1. A composite construction panel comprising: a core having an upper surface and a lower surface, said core formed from an insulating material and including a plurality of rigid supporting members extending between and generally perpendicular to said upper surface and said lower surface;a rigid upper cover sheet positioned above said upper surface of said core, and a rigid lower cover sheet positioned below said lower surface of said core, said upper and lower cover sheets bonded to said supporting members to thereby form a rigid composite panel; and,at least one conduit having first and second ends terminating at one or more side edges of said core, said conduit extending through said core,wherein at least a portion of said core is removed adjacent at least a portion of the length of said conduit such that a lower portion and side portions of said conduit are adjacent to, and insulated by, said insulating material and an upper portion of said conduit is not insulated by said insulating material.

2. The panel as claimed in claim 1 wherein at least a portion of said upper cover sheet adjacent said upper portion of said conduit is removed and the upper portion of said conduit is exposed.

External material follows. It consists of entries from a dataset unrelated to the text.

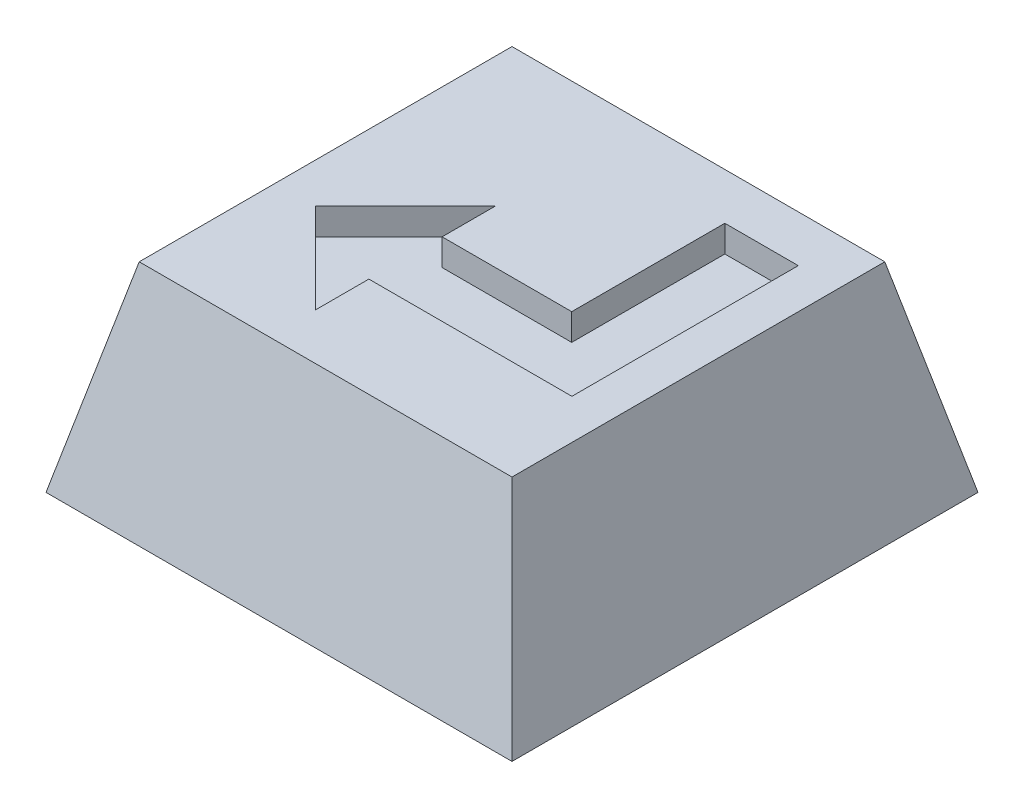
ISO-10303-21;
HEADER;
FILE_DESCRIPTION(('STEP AP214'),'2;1');
FILE_NAME('part.step','',(''),(''),'','','');
FILE_SCHEMA(('AUTOMOTIVE_DESIGN { 1 0 10303 214 1 1 1 1 }'));
ENDSEC;
DATA;
#1=APPLICATION_CONTEXT('core data for automotive mechanical design processes');
#2=APPLICATION_PROTOCOL_DEFINITION('international standard','automotive_design',2000,#1);
#3=PRODUCT_CONTEXT('',#1,'mechanical');
#4=PRODUCT('Part','Part','',(#3));
#5=PRODUCT_RELATED_PRODUCT_CATEGORY('part','',(#4));
#6=PRODUCT_DEFINITION_FORMATION('','',#4);
#7=PRODUCT_DEFINITION_CONTEXT('part definition',#1,'design');
#8=PRODUCT_DEFINITION('design','',#6,#7);
#9=PRODUCT_DEFINITION_SHAPE('','',#8);
#10=(LENGTH_UNIT() NAMED_UNIT(*) SI_UNIT(.MILLI.,.METRE.));
#11=(NAMED_UNIT(*) PLANE_ANGLE_UNIT() SI_UNIT($,.RADIAN.));
#12=(NAMED_UNIT(*) SI_UNIT($,.STERADIAN.) SOLID_ANGLE_UNIT());
#13=UNCERTAINTY_MEASURE_WITH_UNIT(LENGTH_MEASURE(1.E-05),#10,'distance_accuracy_value','');
#14=(GEOMETRIC_REPRESENTATION_CONTEXT(3) GLOBAL_UNCERTAINTY_ASSIGNED_CONTEXT((#13)) GLOBAL_UNIT_ASSIGNED_CONTEXT((#10,
#11,#12)) REPRESENTATION_CONTEXT('',''));
#15=CARTESIAN_POINT('',(0.,0.,0.));
#16=DIRECTION('',(0.,0.,1.));
#17=DIRECTION('',(1.,0.,0.));
#18=AXIS2_PLACEMENT_3D('',#15,#16,#17);
#19=CARTESIAN_POINT('',(0.,3.,0.));
#20=DIRECTION('',(0.,-1.,0.));
#21=DIRECTION('',(0.,0.,-1.));
#22=AXIS2_PLACEMENT_3D('',#19,#20,#21);
#23=PLANE('',#22);
#24=DIRECTION('',(0.,0.,-1.));
#25=VECTOR('',#24,1.);
#26=CARTESIAN_POINT('',(2.65,3.,0.));
#27=LINE('',#26,#25);
#28=CARTESIAN_POINT('',(2.65,3.,-1.4));
#29=VERTEX_POINT('',#28);
#30=CARTESIAN_POINT('',(2.65,3.,-2.2));
#31=VERTEX_POINT('',#30);
#32=EDGE_CURVE('E189',#29,#31,#27,.T.);
#33=ORIENTED_EDGE('',*,*,#32,.F.);
#34=DIRECTION('',(0.707106781186548,0.,0.707106781186548));
#35=VECTOR('',#34,1.);
#36=CARTESIAN_POINT('',(2.025,3.,-2.025));
#37=LINE('',#36,#35);
#38=CARTESIAN_POINT('',(1.3,3.,-2.75));
#39=VERTEX_POINT('',#38);
#40=EDGE_CURVE('E58',#39,#29,#37,.T.);
#41=ORIENTED_EDGE('',*,*,#40,.F.);
#42=DIRECTION('',(-0.707106781186547,0.,0.707106781186548));
#43=VECTOR('',#42,1.);
#44=CARTESIAN_POINT('',(-0.725,3.,-0.725));
#45=LINE('',#44,#43);
#46=CARTESIAN_POINT('',(2.65,3.,-4.1));
#47=VERTEX_POINT('',#46);
#48=EDGE_CURVE('E162',#47,#39,#45,.T.);
#49=ORIENTED_EDGE('',*,*,#48,.F.);
#50=CARTESIAN_POINT('',(2.65,3.,-3.3));
#51=VERTEX_POINT('',#50);
#52=EDGE_CURVE('E166',#51,#47,#27,.T.);
#53=ORIENTED_EDGE('',*,*,#52,.F.);
#54=DIRECTION('',(-1.,0.,0.));
#55=VECTOR('',#54,1.);
#56=CARTESIAN_POINT('',(0.,3.,-3.3));
#57=LINE('',#56,#55);
#58=CARTESIAN_POINT('',(4.5971024183662,3.,-3.3));
#59=VERTEX_POINT('',#58);
#60=EDGE_CURVE('E208',#59,#51,#57,.T.);
#61=ORIENTED_EDGE('',*,*,#60,.F.);
#62=DIRECTION('',(0.,0.,1.));
#63=VECTOR('',#62,1.);
#64=CARTESIAN_POINT('',(4.5971024183662,3.,0.));
#65=LINE('',#64,#63);
#66=CARTESIAN_POINT('',(4.5971024183662,3.,-5.6));
#67=VERTEX_POINT('',#66);
#68=EDGE_CURVE('E204',#67,#59,#65,.T.);
#69=ORIENTED_EDGE('',*,*,#68,.F.);
#70=DIRECTION('',(1.,0.,0.));
#71=VECTOR('',#70,1.);
#72=CARTESIAN_POINT('',(0.,3.,-5.6));
#73=LINE('',#72,#71);
#74=CARTESIAN_POINT('',(5.7,3.,-5.6));
#75=VERTEX_POINT('',#74);
#76=EDGE_CURVE('E200',#67,#75,#73,.T.);
#77=ORIENTED_EDGE('',*,*,#76,.T.);
#78=DIRECTION('',(0.,0.,1.));
#79=VECTOR('',#78,1.);
#80=CARTESIAN_POINT('',(5.7,3.,0.));
#81=LINE('',#80,#79);
#82=CARTESIAN_POINT('',(5.7,3.,-2.2));
#83=VERTEX_POINT('',#82);
#84=EDGE_CURVE('E196',#75,#83,#81,.T.);
#85=ORIENTED_EDGE('',*,*,#84,.T.);
#86=DIRECTION('',(-1.,0.,0.));
#87=VECTOR('',#86,1.);
#88=CARTESIAN_POINT('',(0.,3.,-2.2));
#89=LINE('',#88,#87);
#90=EDGE_CURVE('E192',#83,#31,#89,.T.);
#91=ORIENTED_EDGE('',*,*,#90,.T.);
#92=EDGE_LOOP('',(#33,#41,#49,#53,#61,#69,#77,#85,#91));
#93=FACE_BOUND('',#92,.T.);
#94=DIRECTION('',(-1.,0.,0.));
#95=VECTOR('',#94,1.);
#96=CARTESIAN_POINT('',(11.,3.,-0.7));
#97=LINE('',#96,#95);
#98=CARTESIAN_POINT('',(6.3,3.,-0.7));
#99=VERTEX_POINT('',#98);
#100=CARTESIAN_POINT('',(0.7,3.,-0.7));
#101=VERTEX_POINT('',#100);
#102=EDGE_CURVE('E65',#99,#101,#97,.T.);
#103=ORIENTED_EDGE('',*,*,#102,.F.);
#104=DIRECTION('',(0.,0.,1.));
#105=VECTOR('',#104,1.);
#106=CARTESIAN_POINT('',(6.3,3.,-7.));
#107=LINE('',#106,#105);
#108=CARTESIAN_POINT('',(6.3,3.,-6.3));
#109=VERTEX_POINT('',#108);
#110=EDGE_CURVE('E255',#109,#99,#107,.T.);
#111=ORIENTED_EDGE('',*,*,#110,.F.);
#112=DIRECTION('',(-1.,0.,0.));
#113=VECTOR('',#112,1.);
#114=CARTESIAN_POINT('',(11.,3.,-6.3));
#115=LINE('',#114,#113);
#116=CARTESIAN_POINT('',(0.699999999999998,3.,-6.3));
#117=VERTEX_POINT('',#116);
#118=EDGE_CURVE('E240',#109,#117,#115,.T.);
#119=ORIENTED_EDGE('',*,*,#118,.T.);
#120=DIRECTION('',(0.,0.,1.));
#121=VECTOR('',#120,1.);
#122=CARTESIAN_POINT('',(0.7,3.,-7.));
#123=LINE('',#122,#121);
#124=EDGE_CURVE('E256',#117,#101,#123,.T.);
#125=ORIENTED_EDGE('',*,*,#124,.T.);
#126=EDGE_LOOP('',(#103,#111,#119,#125));
#127=FACE_BOUND('',#126,.T.);
#128=ADVANCED_FACE('F42',(#93,#127),#23,.F.);
#129=CARTESIAN_POINT('',(7.,0.,-7.));
#130=DIRECTION('',(-0.973841209741793,-0.227229615606418,0.));
#131=DIRECTION('',(0.227229615606418,-0.973841209741793,0.));
#132=AXIS2_PLACEMENT_3D('',#129,#130,#131);
#133=PLANE('',#132);
#134=DIRECTION('',(-0.221581128241521,0.949633406749377,-0.221581128241521));
#135=VECTOR('',#134,1.);
#136=CARTESIAN_POINT('',(6.6563126252505,1.47294589178357,-0.343687374749499));
#137=LINE('',#136,#135);
#138=CARTESIAN_POINT('',(7.,0.,0.));
#139=VERTEX_POINT('',#138);
#140=EDGE_CURVE('E252',#139,#99,#137,.T.);
#141=ORIENTED_EDGE('',*,*,#140,.F.);
#142=DIRECTION('',(0.,0.,-1.));
#143=VECTOR('',#142,1.);
#144=CARTESIAN_POINT('',(7.,0.,0.));
#145=LINE('',#144,#143);
#146=CARTESIAN_POINT('',(7.,0.,-7.));
#147=VERTEX_POINT('',#146);
#148=EDGE_CURVE('E270',#139,#147,#145,.T.);
#149=ORIENTED_EDGE('',*,*,#148,.T.);
#150=DIRECTION('',(0.221581128241521,-0.949633406749377,-0.221581128241521));
#151=VECTOR('',#150,1.);
#152=CARTESIAN_POINT('',(7.,0.,-7.));
#153=LINE('',#152,#151);
#154=EDGE_CURVE('E246',#109,#147,#153,.T.);
#155=ORIENTED_EDGE('',*,*,#154,.F.);
#156=ORIENTED_EDGE('',*,*,#110,.T.);
#157=EDGE_LOOP('',(#141,#149,#155,#156));
#158=FACE_BOUND('',#157,.T.);
#159=ADVANCED_FACE('F294',(#158),#133,.F.);
#160=CARTESIAN_POINT('',(0.,0.,-7.));
#161=DIRECTION('',(0.973841209741793,-0.227229615606418,0.));
#162=DIRECTION('',(0.227229615606418,0.973841209741793,0.));
#163=AXIS2_PLACEMENT_3D('',#160,#161,#162);
#164=PLANE('',#163);
#165=DIRECTION('',(-0.221581128241521,-0.949633406749378,0.221581128241521));
#166=VECTOR('',#165,1.);
#167=CARTESIAN_POINT('',(0.343687374749499,1.47294589178357,-0.3436873747495));
#168=LINE('',#167,#166);
#169=CARTESIAN_POINT('',(0.,0.,0.));
#170=VERTEX_POINT('',#169);
#171=EDGE_CURVE('E11',#101,#170,#168,.T.);
#172=ORIENTED_EDGE('',*,*,#171,.F.);
#173=ORIENTED_EDGE('',*,*,#124,.F.);
#174=DIRECTION('',(0.221581128241521,0.949633406749377,0.221581128241521));
#175=VECTOR('',#174,1.);
#176=CARTESIAN_POINT('',(0.,0.,-7.));
#177=LINE('',#176,#175);
#178=CARTESIAN_POINT('',(0.,0.,-7.));
#179=VERTEX_POINT('',#178);
#180=EDGE_CURVE('E51',#179,#117,#177,.T.);
#181=ORIENTED_EDGE('',*,*,#180,.F.);
#182=DIRECTION('',(0.,0.,1.));
#183=VECTOR('',#182,1.);
#184=CARTESIAN_POINT('',(0.,0.,0.));
#185=LINE('',#184,#183);
#186=EDGE_CURVE('E260',#179,#170,#185,.T.);
#187=ORIENTED_EDGE('',*,*,#186,.T.);
#188=EDGE_LOOP('',(#172,#173,#181,#187));
#189=FACE_BOUND('',#188,.T.);
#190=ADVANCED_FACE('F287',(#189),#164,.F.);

3. The panel as claimed in claim 1 wherein said upper portion of said conduit is covered by said upper cover sheet.

4. The panel as claimed in claim 3 wherein said supporting members comprise side surfaces of said core, said upper and lower cover sheets and said side surfaces forming a rigid box-like structure.

5. The panel as claimed in claim 3 wherein said supporting members are generally tubular cells.

6. The panel as claimed in claim 5 wherein said insulating material is a rigid foam.

7. The panel as claimed in claim 6 wherein said foam is a polyurethane foam.

8. The panel as claimed in claim 3 wherein said supporting members are hexagonal tubular cells, extending between said upper and lower cover sheets, joined together to form a generally honeycomb array.

9. The panel as claimed in claim 3 wherein said first and said second ends of said conduit include coupling members to permit the conduit of a first panel to be fluidly connected to the conduit of a second panel when the first and second panels are adjacent one another.

10. The panel as claimed in claim 3 wherein said first and second ends of said conduit include coupling members to permit said conduit to be fluidly connected to a supply of heated or chilled fluid for pumping through said conduit to heat or cool material or objects adjacent to said upper cover sheet.

11. The panel as claimed in claim 3 wherein said upper cover sheet includes metallic additives to enhance its thermal conductivity.

12. The panel as claimed in claim 1 wherein an upper-most portion of said conduit is at substantially the same elevation as said upper cover sheet.

13. The panel as claimed in claim 1 wherein said conduit is formed from polyethylene.

14. The panel as claimed in claim 1 wherein said supporting members and said upper and lower cover sheets are fibreglass, carbon fibre, polycarbonate, Kevlar, or combinations thereof.